Pairwise comparisons - testing the differences
To check this, we finally use the test_predictions()
function to perform pairwise comparisons of the predicted probabilities.
We simply pass our results from predict_response()
to the
function.
# pairwise comparisons - quite long table
test_predictions(predictions)
#> # Pairwise comparisons
#>
#> time | treatment | Contrast | 95% CI | p
#> ------------------------------------------------------------------------
#> morning-noon | coffee-coffee | 0.15 | -0.15, 0.45 | 0.332
#> morning-afternoon | coffee-coffee | -0.25 | -0.54, 0.04 | 0.091
#> morning-morning | coffee-control | 0.25 | -0.04, 0.54 | 0.091
#> morning-noon | coffee-control | -0.15 | -0.45, 0.15 | 0.332
#> morning-afternoon | coffee-control | 0.00 | -0.31, 0.31 | > .999
#> noon-afternoon | coffee-coffee | -0.40 | -0.68, -0.12 | 0.005
#> noon-morning | coffee-control | 0.10 | -0.18, 0.38 | 0.488
#> noon-noon | coffee-control | -0.30 | -0.60, 0.00 | 0.047
#> noon-afternoon | coffee-control | -0.15 | -0.45, 0.15 | 0.332
#> afternoon-morning | coffee-control | 0.50 | 0.23, 0.77 | < .001
#> afternoon-noon | coffee-control | 0.10 | -0.18, 0.38 | 0.488
#> afternoon-afternoon | coffee-control | 0.25 | -0.04, 0.54 | 0.091
#> morning-noon | control-control | -0.40 | -0.68, -0.12 | 0.005
#> morning-afternoon | control-control | -0.25 | -0.54, 0.04 | 0.091
#> noon-afternoon | control-control | 0.15 | -0.15, 0.45 | 0.332
#>
#> Contrasts are presented as probabilities (in %-points).
In the above output, we see all possible pairwise comparisons of the predicted probabilities.
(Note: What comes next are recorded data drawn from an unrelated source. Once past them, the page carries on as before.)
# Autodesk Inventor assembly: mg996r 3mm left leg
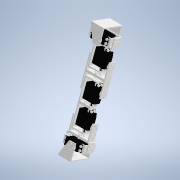
[picture p0: Inventor's stored thumbnail of the model, 180x180]
Saved by Autodesk Inventor 2021.4 (Build 254397000, 397)
## iProperties
Created: 2022-07-09
Part Number: mg996r 3mm left leg
Document SubType Name: Assembly
Designer: isamu
Author: isamu
## Documents named in this file (6)
- D:\personal_projects\robot\inventor\2021\mg996r 3mm left leg.iam
- D:\personal_projects\robot\inventor\2021\base mg996r 3mm centered left.iam
- D:\personal_projects\robot\inventor\2021\mg996r 3mm frame middle leg.iam
- D:\personal_projects\robot\exports\screws\m4 nuts.ipt
- D:\personal_projects\robot\inventor\2021\base mg996r 3mm left foot.iam
- D:\personal_projects\robot\exports\screws\m3 nuts.ipt
## Components (13 placed, 5 different names)
1. base mg996r 3mm centered left:1 [sub-assembly] — Mate:1, Mate:2, Mate:3, Insert:1, Insert:2, Insert:3, Insert:4, Insert:5
2. mg996r 3mm frame middle leg:1 [sub-assembly] — Mate:1, Mate:2, Mate:3, Mate:4, Mate:5, Mate:6
3. m4 nuts:1 — Insert:2
4. m4 nuts:2 — Insert:1
5. m4 nuts:3 — Insert:4
6. m4 nuts:4 — Insert:5
7. m4 nuts:5 — Insert:3
8. base mg996r 3mm left foot:1 [sub-assembly] — Mate:4, Mate:5, Mate:6, Insert:6, Insert:7, Insert:8, Insert:9, Insert:10
9. m3 nuts:1 — Insert:8
10. m3 nuts:2 — Insert:6
11. m3 nuts:3 — Insert:10
12. m3 nuts:4 — Insert:7
13. m3 nuts:5 — Insert:9
## Relationships (16: Insert 10, Mate 6)
- Mate:1: base mg996r 3mm centered left:1 ↔ mg996r 3mm frame middle leg:1
- Mate:2: base mg996r 3mm centered left:1 ↔ mg996r 3mm frame middle leg:1
- Mate:3: base mg996r 3mm centered left:1 ↔ mg996r 3mm frame middle leg:1
- Insert:1: base mg996r 3mm centered left:1 ↔ m4 nuts:2
- Insert:2: base mg996r 3mm centered left:1 ↔ m4 nuts:1
- Insert:3: base mg996r 3mm centered left:1 ↔ m4 nuts:5
- Insert:4: base mg996r 3mm centered left:1 ↔ m4 nuts:3
- Insert:5: base mg996r 3mm centered left:1 ↔ m4 nuts:4
- Mate:4: mg996r 3mm frame middle leg:1 ↔ base mg996r 3mm left foot:1
- Mate:5: mg996r 3mm frame middle leg:1 ↔ base mg996r 3mm left foot:1
- Mate:6: mg996r 3mm frame middle leg:1 ↔ base mg996r 3mm left foot:1
- Insert:6: base mg996r 3mm left foot:1 ↔ m3 nuts:2
- Insert:7: base mg996r 3mm left foot:1 ↔ m3 nuts:4
- Insert:8: base mg996r 3mm left foot:1 ↔ m3 nuts:1
- Insert:9: base mg996r 3mm left foot:1 ↔ m3 nuts:5
- Insert:10: base mg996r 3mm left foot:1 ↔ m3 nuts:3

The table is quite long, but we can also group the comparisons, e.g. by the variable time.
# group comparisons by "time"
test_predictions(predictions, by = "time")
#> # Pairwise comparisons
#>
#> time | treatment | Contrast | 95% CI | p
#> ------------------------------------------------------------
#> morning | coffee-control | 0.25 | -0.04, 0.54 | 0.091
#> noon | coffee-control | -0.30 | -0.60, 0.00 | 0.047
#> afternoon | coffee-control | 0.25 | -0.04, 0.54 | 0.091
#>
#> Contrasts are presented as probabilities (in %-points).
The output shows that the differences between the coffee and the control group are statistically significant only in the noon time.